• TASK DESCRIPTION: Note each line of the entries that includes "both". Then copy those lines.

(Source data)
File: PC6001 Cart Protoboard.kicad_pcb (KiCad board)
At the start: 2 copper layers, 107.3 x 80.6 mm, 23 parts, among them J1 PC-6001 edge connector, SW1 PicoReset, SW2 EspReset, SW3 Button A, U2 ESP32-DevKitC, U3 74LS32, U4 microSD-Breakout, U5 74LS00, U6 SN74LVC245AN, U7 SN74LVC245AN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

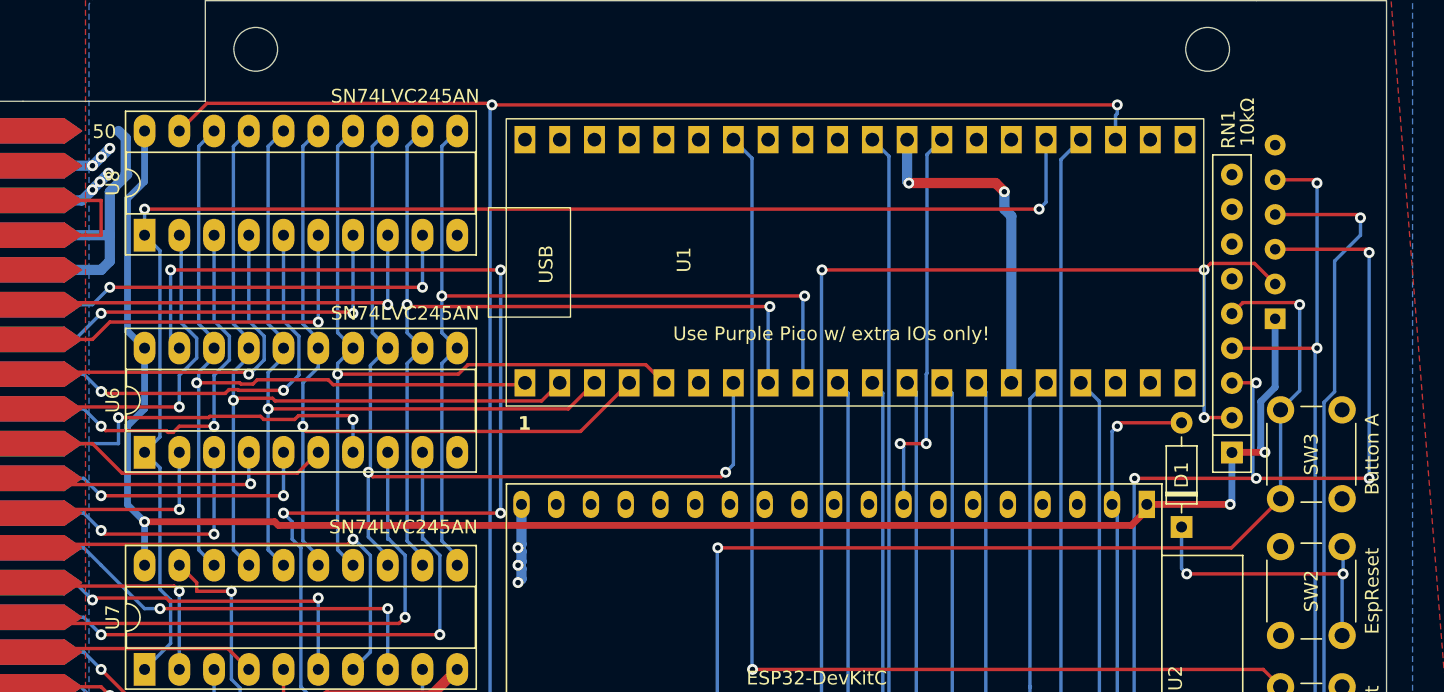
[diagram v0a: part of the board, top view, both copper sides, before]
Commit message: Source 3v3 from Pico for now
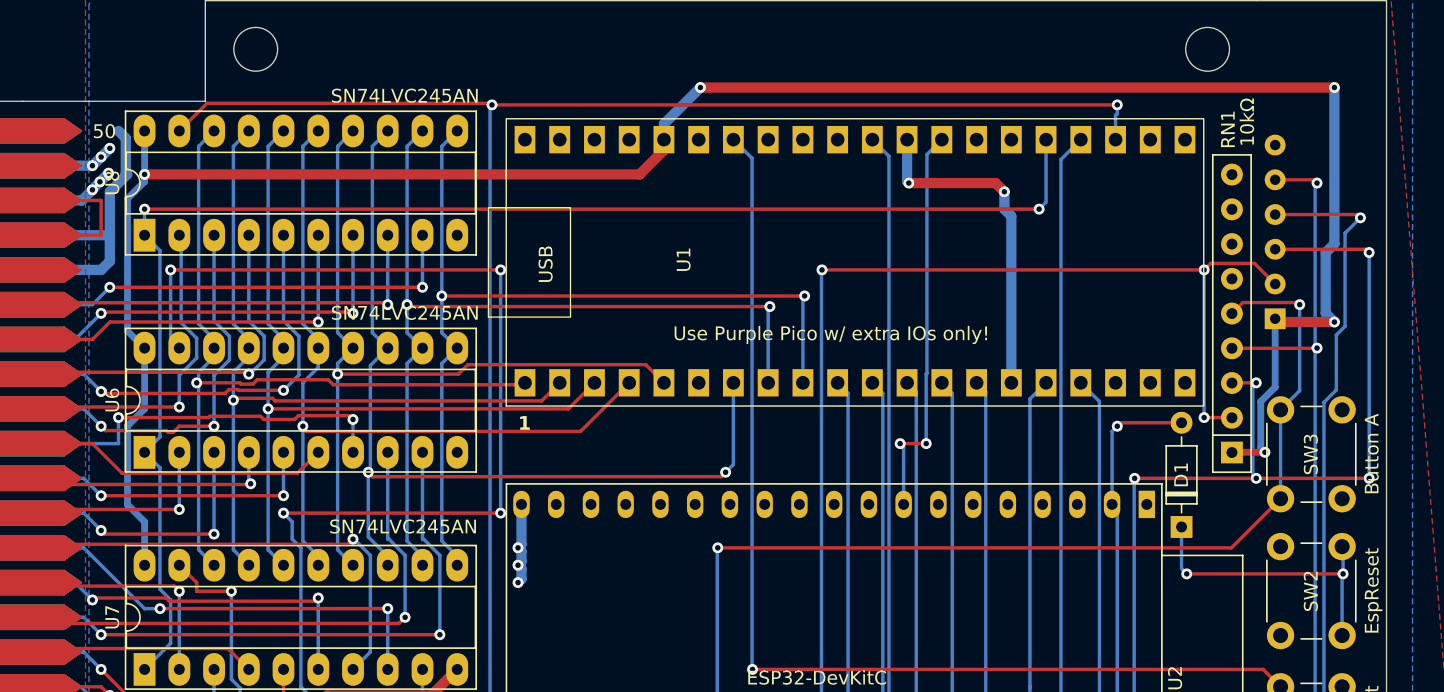
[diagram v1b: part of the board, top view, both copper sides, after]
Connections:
- U1 pad 36: unconnected-(U1-3v3-Pad36) -> +3.3V
- U2 pad 1: +3.3V -> unconnected-(U2-3V3-Pad1)
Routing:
- net +3.3V: track 130.8 -> 159.4 mm, vias 3 -> 5

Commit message: ESP_INT restored
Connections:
- U2 pad 11: /INT -> /ESP_INT
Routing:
- net /ESP_INT: track 0.00 -> 27.6 mm

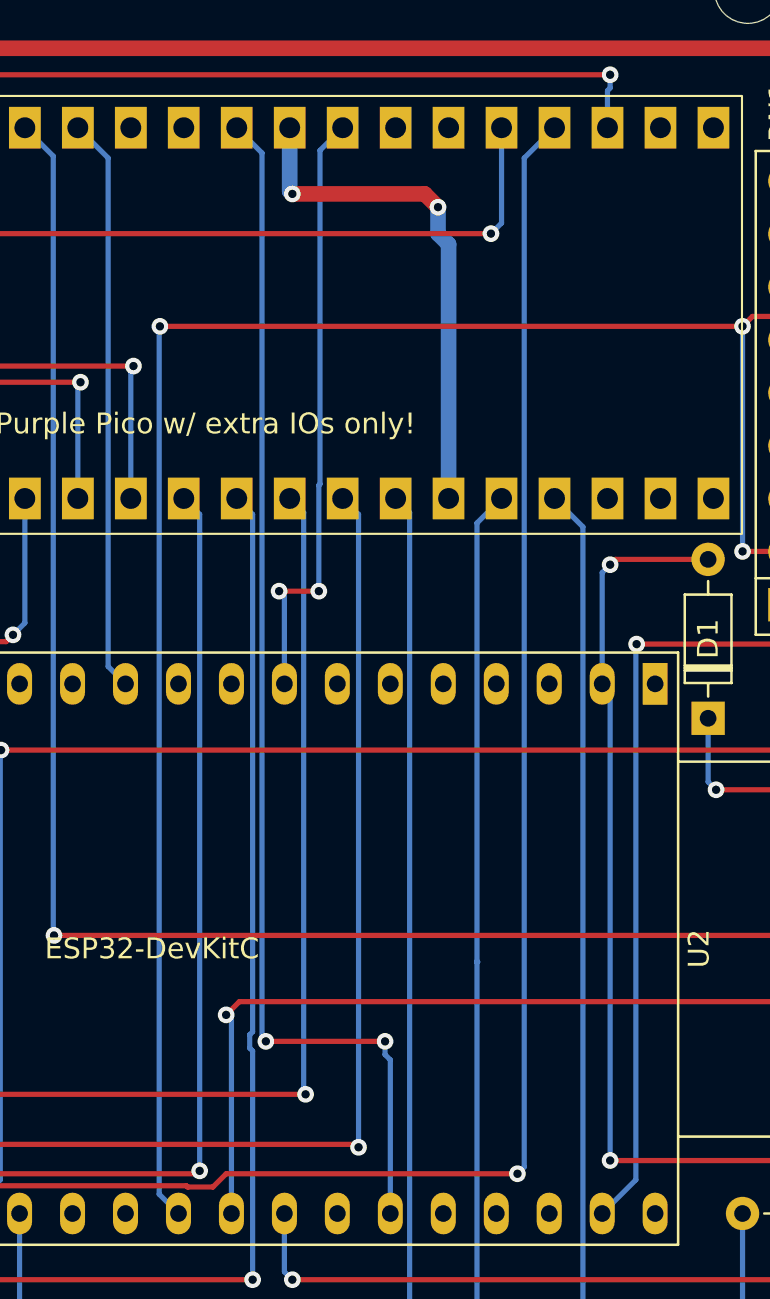
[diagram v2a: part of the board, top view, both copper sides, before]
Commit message: Restore ESP_CMD, ESP_PROC
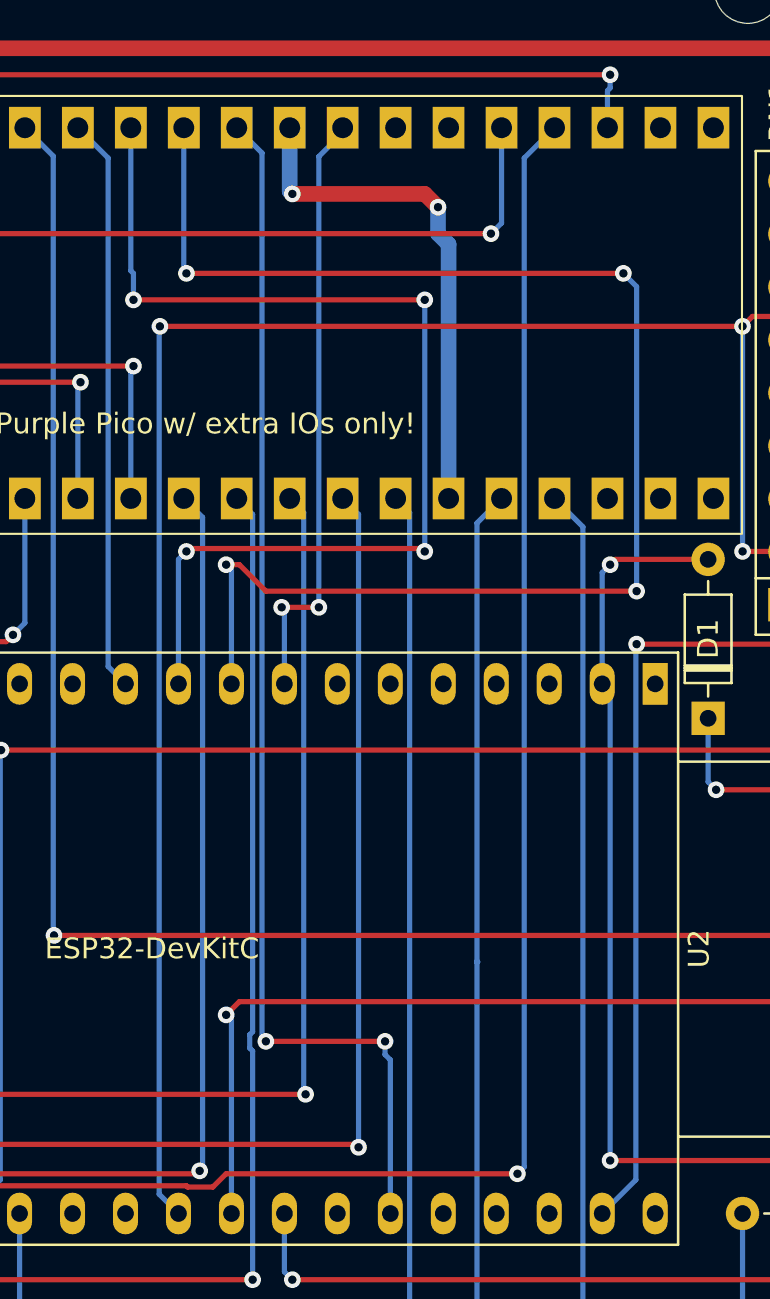
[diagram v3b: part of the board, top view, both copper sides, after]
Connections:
- U2 pad 10: /PROC -> /ESP_PROC
- U2 pad 9: /CMD -> /ESP_CMD
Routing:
- net /ESP_CMD: track 0.00 -> 69.5 mm, vias 0 -> 4
- net /ESP_PROC: track 0.00 -> 52.4 mm, vias 0 -> 4

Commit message: Frantically add caps
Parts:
- added C1: 0.1µF, Capacitor_THT:C_Disc_D5.0mm_W2.5mm_P2.50mm, F.Cu at (169.5, 137.2)
- added C2: 0.1µF, Capacitor_THT:C_Disc_D5.0mm_W2.5mm_P2.50mm, F.Cu at (174.0, 101.0)
- added C3: 0.1µF, Capacitor_THT:C_Disc_D5.0mm_W2.5mm_P2.50mm, F.Cu at (162.6, 73.0)
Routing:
- net +3.3V: track 159.4 -> 241.1 mm, vias 5 -> 8

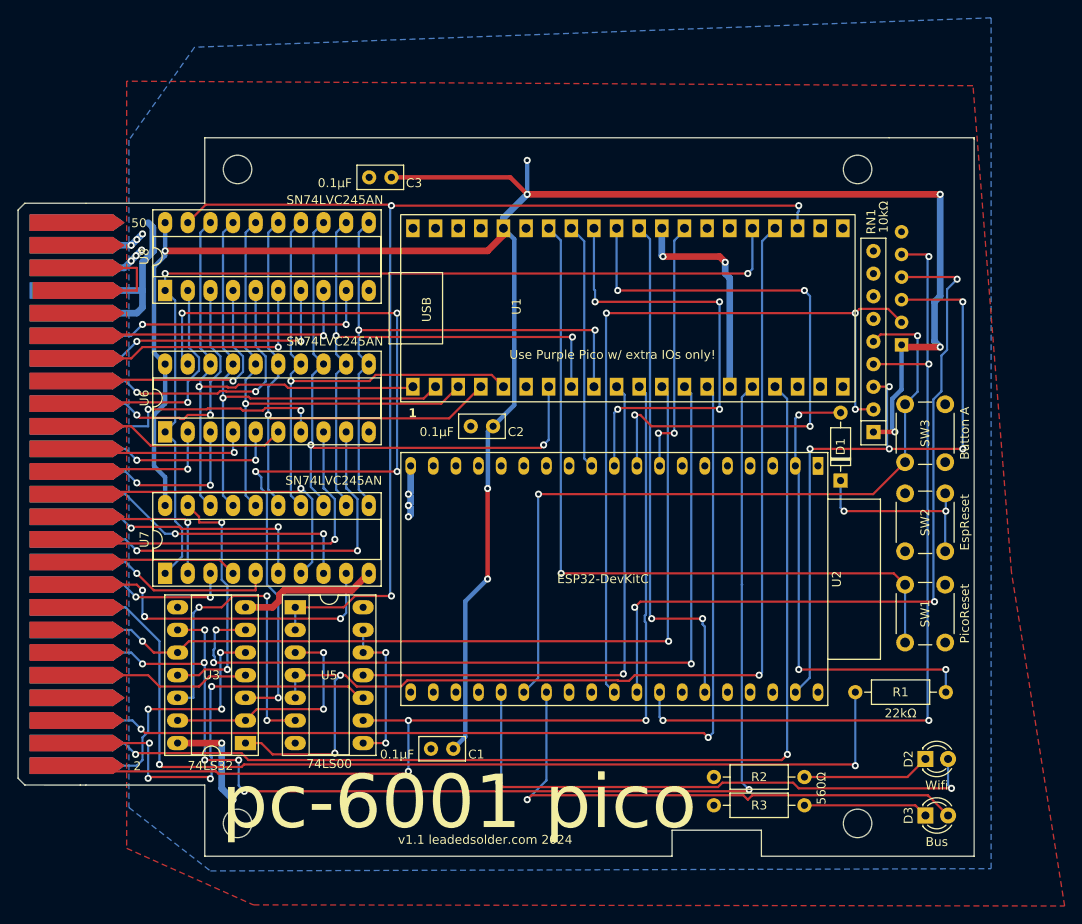
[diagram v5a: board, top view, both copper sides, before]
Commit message: Tie address buffer IN/out to always high
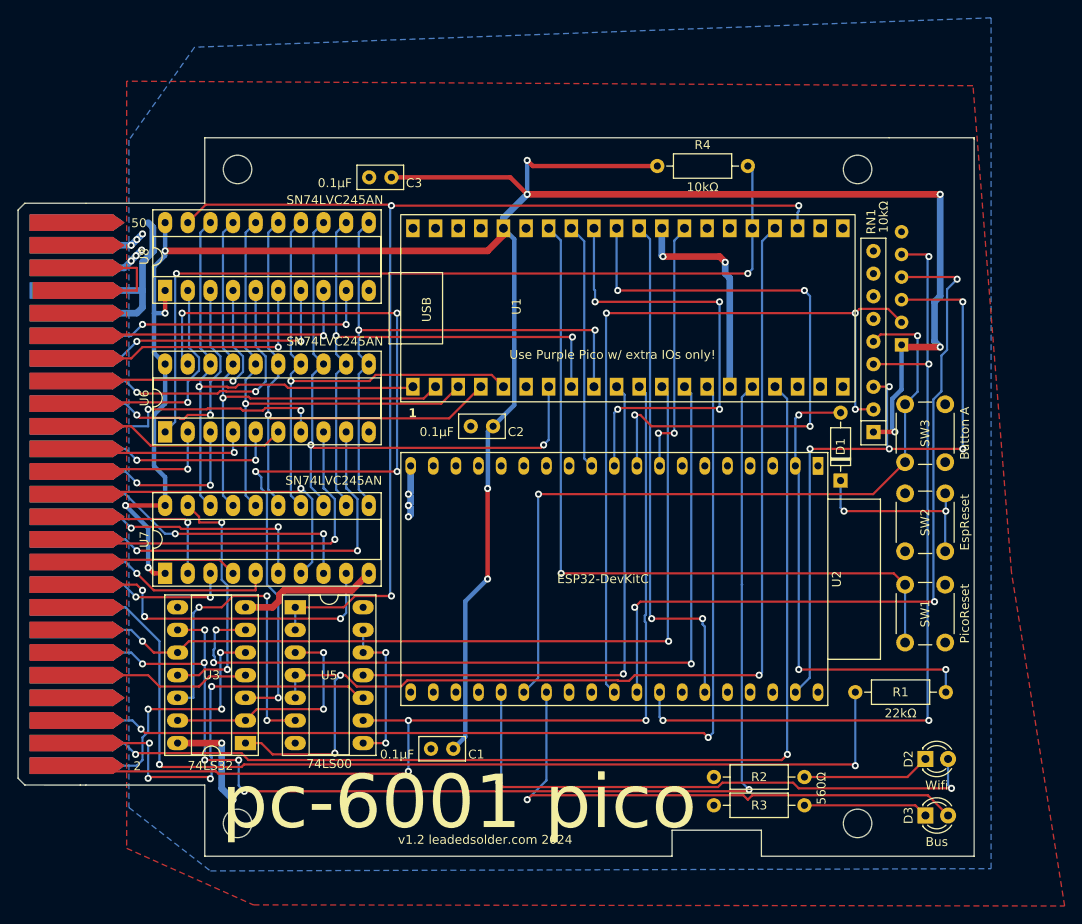
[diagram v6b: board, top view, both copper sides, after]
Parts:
- added R4: 10kΩ, Resistor_THT:R_Axial_DIN0207_L6.3mm_D2.5mm_P10.16mm_Horizontal, F.Cu at (192.4, 71.8)
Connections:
- U7 pad 1: /IN/~{OUT} -> +3.3V
- U8 pad 1: /IN/~{OUT} -> +3.3V
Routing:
- net +3.3V: track 241.1 -> 274.3 mm, vias 8 -> 11
- net /IN/~{OUT}: track 106.9 -> 94.9 mm
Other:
- board text added: "v1.2 leadedsolder.com 2024"
- board text removed: "v1.1 leadedsolder.com 2024"

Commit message: Safety pull-ups routed
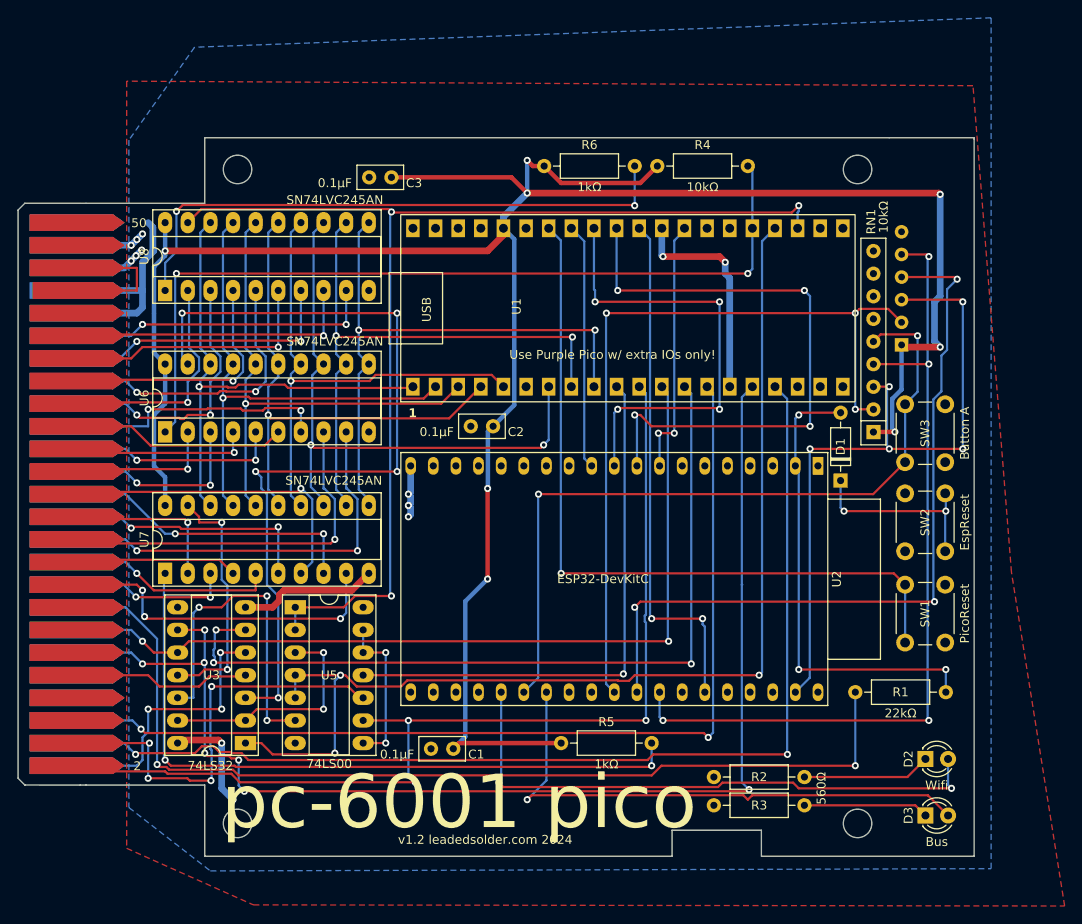
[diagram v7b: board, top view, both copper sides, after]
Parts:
- added R5: 1kΩ, Resistor_THT:R_Axial_DIN0207_L6.3mm_D2.5mm_P10.16mm_Horizontal, F.Cu at (181.6, 136.5)
- added R6: 1kΩ, Resistor_THT:R_Axial_DIN0207_L6.3mm_D2.5mm_P10.16mm_Horizontal, F.Cu at (179.7, 71.8)
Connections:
- U7 pad 1: +3.3V -> Net-(U7-DIR)
- U8 pad 1: +3.3V -> Net-(U8-DIR)
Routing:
- net Net-(U7-DIR): track 0.00 -> 78.6 mm, vias 0 -> 2
- net Net-(U8-DIR): track 0.00 -> 65.6 mm, vias 0 -> 2
- net +3.3V: track 274.3 -> 269.8 mm, vias 11 -> 8
- net /~{CS3}: track 116.5 -> 119.1 mm
- net /RESET: track 114.8 -> 115.6 mm
- net /~{DRD2}: track 126.2 -> 126.8 mm
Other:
- board text removed: "TODO: Place the '08 and '32 properly"

• ANSWER BELOW:
[diagram v0a: part of the board, top view, both copper sides, before]
[diagram v1b: part of the board, top view, both copper sides, after]
[diagram v2a: part of the board, top view, both copper sides, before]
[diagram v3b: part of the board, top view, both copper sides, after]
[diagram v5a: board, top view, both copper sides, before]
[diagram v6b: board, top view, both copper sides, after]
[diagram v7b: board, top view, both copper sides, after]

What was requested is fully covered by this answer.